The owner was then taken to another flat in the building, and he was told he must break open the door of the other flat, apparently
on the basis that the appellants thought they had come to the wrong flat and that there was a drugs dealer in the other flat. With
the amount of noise that was going on, one of the occupants of another flat in the building telephoned the police. The police
came to the premises and the two appellants were arrested.

They said to the police that they had both had too much to drink. Walsh said that he was not able to remember very much of
what occurred and Young admitted that he was involved in breaking into a flat. Both of them in due time pleaded guilty.

The learned judge when she came to sentence these appellants, not surprisingly, took the view that this was a serious offence.
The learned judge said, rightly, that the unfortunate owner of the flat must have been terrified. She said to the appellants: “You
proceeded to bully and threaten him.” She then went on to say—and this in the judgment of this court is an important feature
of this case—“Fortunately for you you did not harm him—physically, I mean.”

It is right and it is important that apart from the glancing blow, no other violence was used and the owner of the flat was not
in any way injured.

These two strong young men accordingly broke into a flat and the occupant in the circumstances which we have described must
have been quite terrified. It was undoubtedly an exceedingly unpleasant episode and one which called for a custodial penalty.

On the other side, the two appellants pleaded guilty and were entitled to credit for that. It has been pointed out by counsel,
rightly, that the maximum sentence in relation to an offence of affray is one of three years' imprisonment. Each of the two
appellants is of excellent character. We have been supplied with a number of testimonials in respect of both of them which speak
very highly of them. There is no doubt that this incident was entirely out of character. One of them was serving in the Royal
Marines at the time and the other was hoping to enlist in the Royal Navy.

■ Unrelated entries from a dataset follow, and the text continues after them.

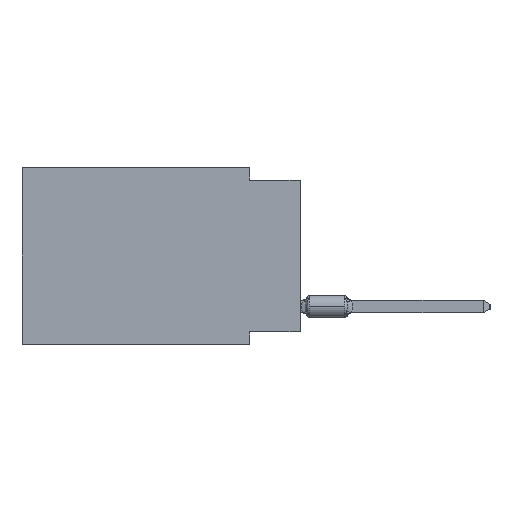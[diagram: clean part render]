
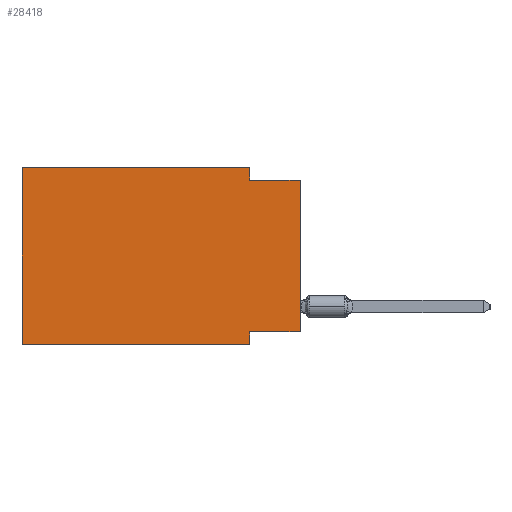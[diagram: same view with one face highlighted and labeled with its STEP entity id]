
A CAD part, left-side view. The second image highlights one B-rep face of the part: STEP entity #28418.
In plain terms, the highlighted planar face has unit normal (-1, 0, 0).
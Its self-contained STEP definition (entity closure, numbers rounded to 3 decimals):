
#78 = CARTESIAN_POINT ( 'NONE',  ( 0., 13.97, 0. ) ) ;
#1889 = AXIS2_PLACEMENT_3D ( 'NONE', #78, #43040, #19236 ) ;
#2113 = VECTOR ( 'NONE', #18753, 1000. ) ;
#2957 = VERTEX_POINT ( 'NONE', #48315 ) ;
#3211 = EDGE_CURVE ( 'NONE', #7900, #13524, #11572, .T. ) ;
#4538 = CARTESIAN_POINT ( 'NONE',  ( 0., 2.54, -8.89 ) ) ;
#5136 = DIRECTION ( 'NONE',  ( 0., 1., 0. ) ) ;
#5771 = CARTESIAN_POINT ( 'NONE',  ( 0., 2.54, -8.255 ) ) ;
#7900 = VERTEX_POINT ( 'NONE', #25880 ) ;
#8570 = ORIENTED_EDGE ( 'NONE', *, *, #16201, .F. ) ;
#8651 = VECTOR ( 'NONE', #5136, 1000. ) ;
#9314 = ORIENTED_EDGE ( 'NONE', *, *, #20235, .F. ) ;
#9891 = CARTESIAN_POINT ( 'NONE',  ( 0., 0., -0.635 ) ) ;
#10210 = ORIENTED_EDGE ( 'NONE', *, *, #34375, .F. ) ;
#11032 = ORIENTED_EDGE ( 'NONE', *, *, #39177, .T. ) ;
#11249 = CARTESIAN_POINT ( 'NONE',  ( 0., 2.54, 0. ) ) ;
#11399 = CARTESIAN_POINT ( 'NONE',  ( 0., 0., -8.255 ) ) ;
#11572 = LINE ( 'NONE', #50357, #26445 ) ;
#12261 = CARTESIAN_POINT ( 'NONE',  ( 0., 0., 0. ) ) ;
#12337 = CARTESIAN_POINT ( 'NONE',  ( 0., 0., -0.635 ) ) ;
#12630 = LINE ( 'NONE', #17725, #8651 ) ;
#13524 = VERTEX_POINT ( 'NONE', #48796 ) ;
#16201 = EDGE_CURVE ( 'NONE', #2957, #43560, #32501, .T. ) ;
#16347 = EDGE_LOOP ( 'NONE', ( #11032, #8570, #10210, #18486, #47995, #33762, #50886, #9314 ) ) ;
#16496 = VECTOR ( 'NONE', #38810, 1000. ) ;
#17725 = CARTESIAN_POINT ( 'NONE',  ( 0., 0., -8.255 ) ) ;
#18370 = VERTEX_POINT ( 'NONE', #31610 ) ;
#18486 = ORIENTED_EDGE ( 'NONE', *, *, #3211, .F. ) ;
#18753 = DIRECTION ( 'NONE',  ( 0., 0., -1. ) ) ;
#19012 = LINE ( 'NONE', #11249, #2113 ) ;
#19236 = DIRECTION ( 'NONE',  ( 0., 0., -1. ) ) ;
#20235 = EDGE_CURVE ( 'NONE', #24567, #39274, #12630, .T. ) ;
#22193 = LINE ( 'NONE', #26597, #25947 ) ;
#23030 = CARTESIAN_POINT ( 'NONE',  ( 0., 13.97, -8.89 ) ) ;
#23282 = LINE ( 'NONE', #23030, #16496 ) ;
#24567 = VERTEX_POINT ( 'NONE', #11399 ) ;
#25880 = CARTESIAN_POINT ( 'NONE',  ( 0., 13.97, 0. ) ) ;
#25947 = VECTOR ( 'NONE', #30477, 1000. ) ;
#26445 = VECTOR ( 'NONE', #42351, 1000. ) ;
#26597 = CARTESIAN_POINT ( 'NONE',  ( 0., 13.97, 0. ) ) ;
#27790 = LINE ( 'NONE', #12261, #35009 ) ;
#28418 = ADVANCED_FACE ( 'NONE', ( #39403 ), #35522, .F. ) ;
#28884 = DIRECTION ( 'NONE',  ( 0., -1., 0. ) ) ;
#30477 = DIRECTION ( 'NONE',  ( 0., 0., 1. ) ) ;
#31610 = CARTESIAN_POINT ( 'NONE',  ( 0., 2.54, -8.89 ) ) ;
#31718 = LINE ( 'NONE', #4538, #48836 ) ;
#32501 = LINE ( 'NONE', #12337, #37005 ) ;
#33762 = ORIENTED_EDGE ( 'NONE', *, *, #47013, .T. ) ;
#34375 = EDGE_CURVE ( 'NONE', #13524, #2957, #19012, .T. ) ;
#35009 = VECTOR ( 'NONE', #43568, 1000. ) ;
#35522 = PLANE ( 'NONE',  #1889 ) ;
#37005 = VECTOR ( 'NONE', #28884, 1000. ) ;
#38810 = DIRECTION ( 'NONE',  ( 0., -1., 0. ) ) ;
#39177 = EDGE_CURVE ( 'NONE', #24567, #43560, #27790, .T. ) ;
#39274 = VERTEX_POINT ( 'NONE', #5771 ) ;
#39403 = FACE_OUTER_BOUND ( 'NONE', #16347, .T. ) ;
#39718 = EDGE_CURVE ( 'NONE', #50684, #7900, #22193, .T. ) ;
#42351 = DIRECTION ( 'NONE',  ( 0., -1., 0. ) ) ;
#43040 = DIRECTION ( 'NONE',  ( 1., 0., 0. ) ) ;
#43560 = VERTEX_POINT ( 'NONE', #9891 ) ;
#43568 = DIRECTION ( 'NONE',  ( 0., 0., 1. ) ) ;
#43875 = DIRECTION ( 'NONE',  ( 0., 0., -1. ) ) ;
#46036 = CARTESIAN_POINT ( 'NONE',  ( 0., 13.97, -8.89 ) ) ;
#47013 = EDGE_CURVE ( 'NONE', #50684, #18370, #23282, .T. ) ;
#47995 = ORIENTED_EDGE ( 'NONE', *, *, #39718, .F. ) ;
#48315 = CARTESIAN_POINT ( 'NONE',  ( 0., 2.54, -0.635 ) ) ;
#48796 = CARTESIAN_POINT ( 'NONE',  ( 0., 2.54, 0. ) ) ;
#48836 = VECTOR ( 'NONE', #43875, 1000. ) ;
#50088 = EDGE_CURVE ( 'NONE', #39274, #18370, #31718, .T. ) ;
#50357 = CARTESIAN_POINT ( 'NONE',  ( 0., 13.97, 0. ) ) ;
#50684 = VERTEX_POINT ( 'NONE', #46036 ) ;
#50886 = ORIENTED_EDGE ( 'NONE', *, *, #50088, .F. ) ;

In those circumstances we are persuaded that the sentence imposed by the learned judge was too long. We take the view that
if these two appellants had been *245 over the age of 21 we would have imposed a longer sentence than the one which we
propose to impose upon them but would have suspended a part of that sentence. As they are under the age of 21 it is not of
course possible to suspend the whole or any part of a sentence imposed upon them. In those circumstances we have come to
the conclusion that we will impose a sentence which is substantially lower than the sentence which we would have imposed
but would have suspended in part if they had been over 21. We have come to the conclusion that an appropriate sentence to
pass on a man over 21 in a case such as this would be of the order of 15 months, with a part of that (six months) suspended,
leaving nine months to be served. As we cannot suspend a part, we consider that it would not be just to impose a longer sentence
merely by reason of the fact that the two appellants are under the age of 21. Accordingly the sentence which will be imposed
upon them is one of nine months to be served in a young offender institution in place of the 21 months which was imposed
upon them by the learned judge.

In the context of what we have been told by counsel we hope that the authorities may be able to take a favourable view in
relation to Young continuing his service in the Royal Marines and Walsh joining the Royal Navy. That of course is entirely
a matter for them.

The sentences of 21 months' in a young offender institution will be quashed and sentences of nine months will be substituted.
To that extent this appeal is allowed.